In some embodiments, a mixing tube is heat treated by a multi-page heating apparatus, providing a multi-stage cyclic convergent-divergent structure in the mixing tube, comprising:

mounting a plurality of heating molds on a heating table to form a plurality of heating devices;

placing the mixing tube in a multipage heating apparatus;

starting a heating table to perform preheating treatment until the target temperature is reached;

and (3) rotating the mixing pipe along the axial direction to perform heating treatment, and arranging a multi-stage circulating zooming structure on the mixing pipe.

The mixing tube is axially rotated for heat treatment, comprising:

rotating the mixing tube along the axial direction to carry out drawing method heating treatment;

or, the mixing tube is rotated along the axial direction to carry out heat shrinkage and heat treatment.

It should be noted that, the drawing method of the circular scaling type mixed pipe processing process flow specifically includes:

installing a heating mould on the surface of a heating table, straightening a polymer pipeline (a mixing pipe 6) to be processed along an axis, and then placing the polymer pipeline on the heating mould (a plurality of heating modules 9), wherein the wall of the pipeline is in contact with the surface of a blade of the heating mould, as shown in figure 3;

setting the molding temperature of the heating table, and starting the heating table for preheating;

after the temperature is stable, the polymer pipeline to be processed is axially rotated, so that the polymer pipeline is prevented from being adhered to the heating module, and the polymer pipeline is uniformly heated;

and stretching the polymer pipeline to be processed at a constant speed towards the directions of the two ends, and then separating from the surface of the heating mould to carry out natural cooling and shaping, thus preparing the circular scaling type mixing pipe.

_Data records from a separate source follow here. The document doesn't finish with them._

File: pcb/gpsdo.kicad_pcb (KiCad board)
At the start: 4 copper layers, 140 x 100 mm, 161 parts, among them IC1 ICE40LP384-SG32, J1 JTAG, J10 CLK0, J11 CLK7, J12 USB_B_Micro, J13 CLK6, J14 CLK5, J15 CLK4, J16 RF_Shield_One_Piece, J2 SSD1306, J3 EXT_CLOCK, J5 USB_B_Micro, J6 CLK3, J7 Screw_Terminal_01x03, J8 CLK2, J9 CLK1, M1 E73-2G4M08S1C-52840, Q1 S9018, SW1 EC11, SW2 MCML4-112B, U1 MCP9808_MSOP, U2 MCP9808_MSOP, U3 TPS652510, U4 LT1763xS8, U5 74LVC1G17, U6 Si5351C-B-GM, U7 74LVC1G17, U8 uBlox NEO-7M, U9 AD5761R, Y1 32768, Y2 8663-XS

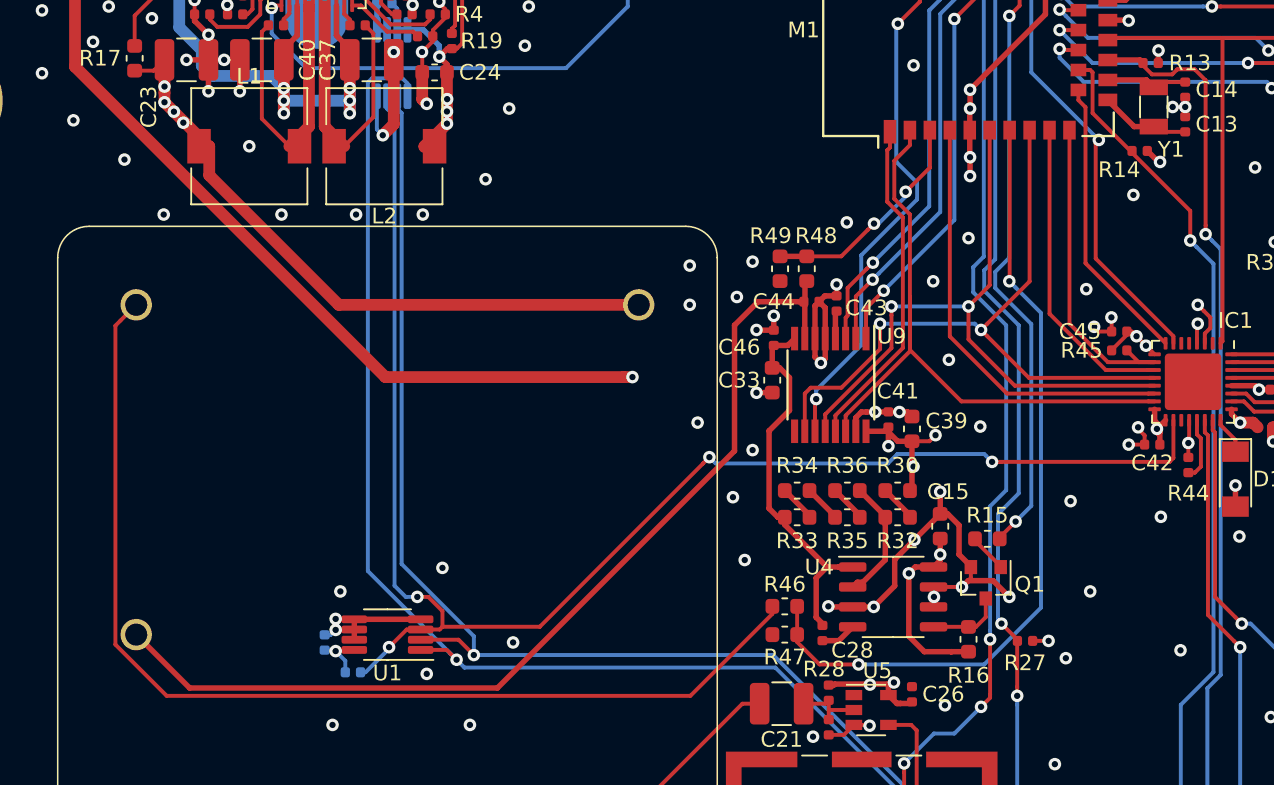
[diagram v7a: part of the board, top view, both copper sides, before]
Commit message: increase distance of DAC output rail to any noisy digital signal
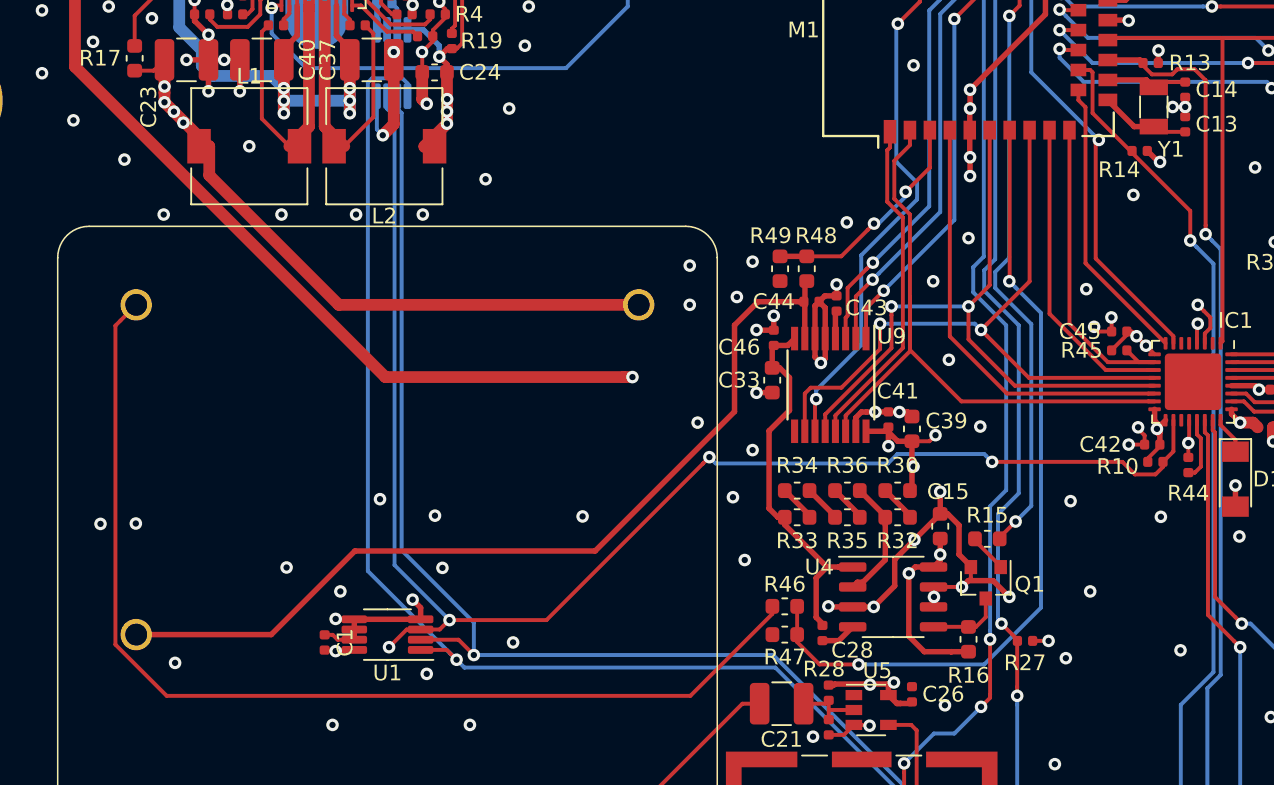
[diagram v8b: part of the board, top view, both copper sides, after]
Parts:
- C1, R10: moved to F.Cu
- moved R10 52.8 mm to (112.9, 89.0)
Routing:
- net Net-(C44-Pad1): track 62.5 -> 58.2 mm
- net /TEMP_ALERT: track 96.8 -> 93.9 mm
- net GND: track 431.5 -> 432.9 mm, vias 220 -> 227
- net +3V3: track 78.7 -> 79.7 mm

The processing process flow of the circular scaling type mixing tube comprises the following specific steps of:

installing a heating mould on the surface of a heating table, straightening a polymer heat-shrinkable pipeline (a mixing pipe 6) to be processed along an axis, and then placing the pipeline on the heating mould (a plurality of heating modules 9), wherein the wall of the pipeline is in contact with the surface of a blade of the heating mould, as shown in figures 4 and 5;

setting the molding temperature of the heating table, and starting the heating table for preheating;

after the temperature is stable, the polymer thermal shrinkage pipeline to be processed is axially rotated, so that the polymer thermal shrinkage pipeline is prevented from being adhered to the heating module, and the polymer pipeline is uniformly heated;

in the heating process, the heated area of the heat-shrinkable pipeline automatically generates necking effect, and the inner diameter is reduced;

and (4) moving the formed heat-shrinkable pipeline away from the heating mould for natural cooling, thus obtaining the circular convergent-divergent mixing tube.

In some embodiments, fixing the mixing tube of the multi-stage cyclic zoom type structure to a fixed template includes:

the mixing tube provided with the multi-stage circulating scaling structure is fixed on a fixed template in a three-dimensional configuration, wherein the three-dimensional configuration comprises a snake shape, a sine shape and a spiral shape.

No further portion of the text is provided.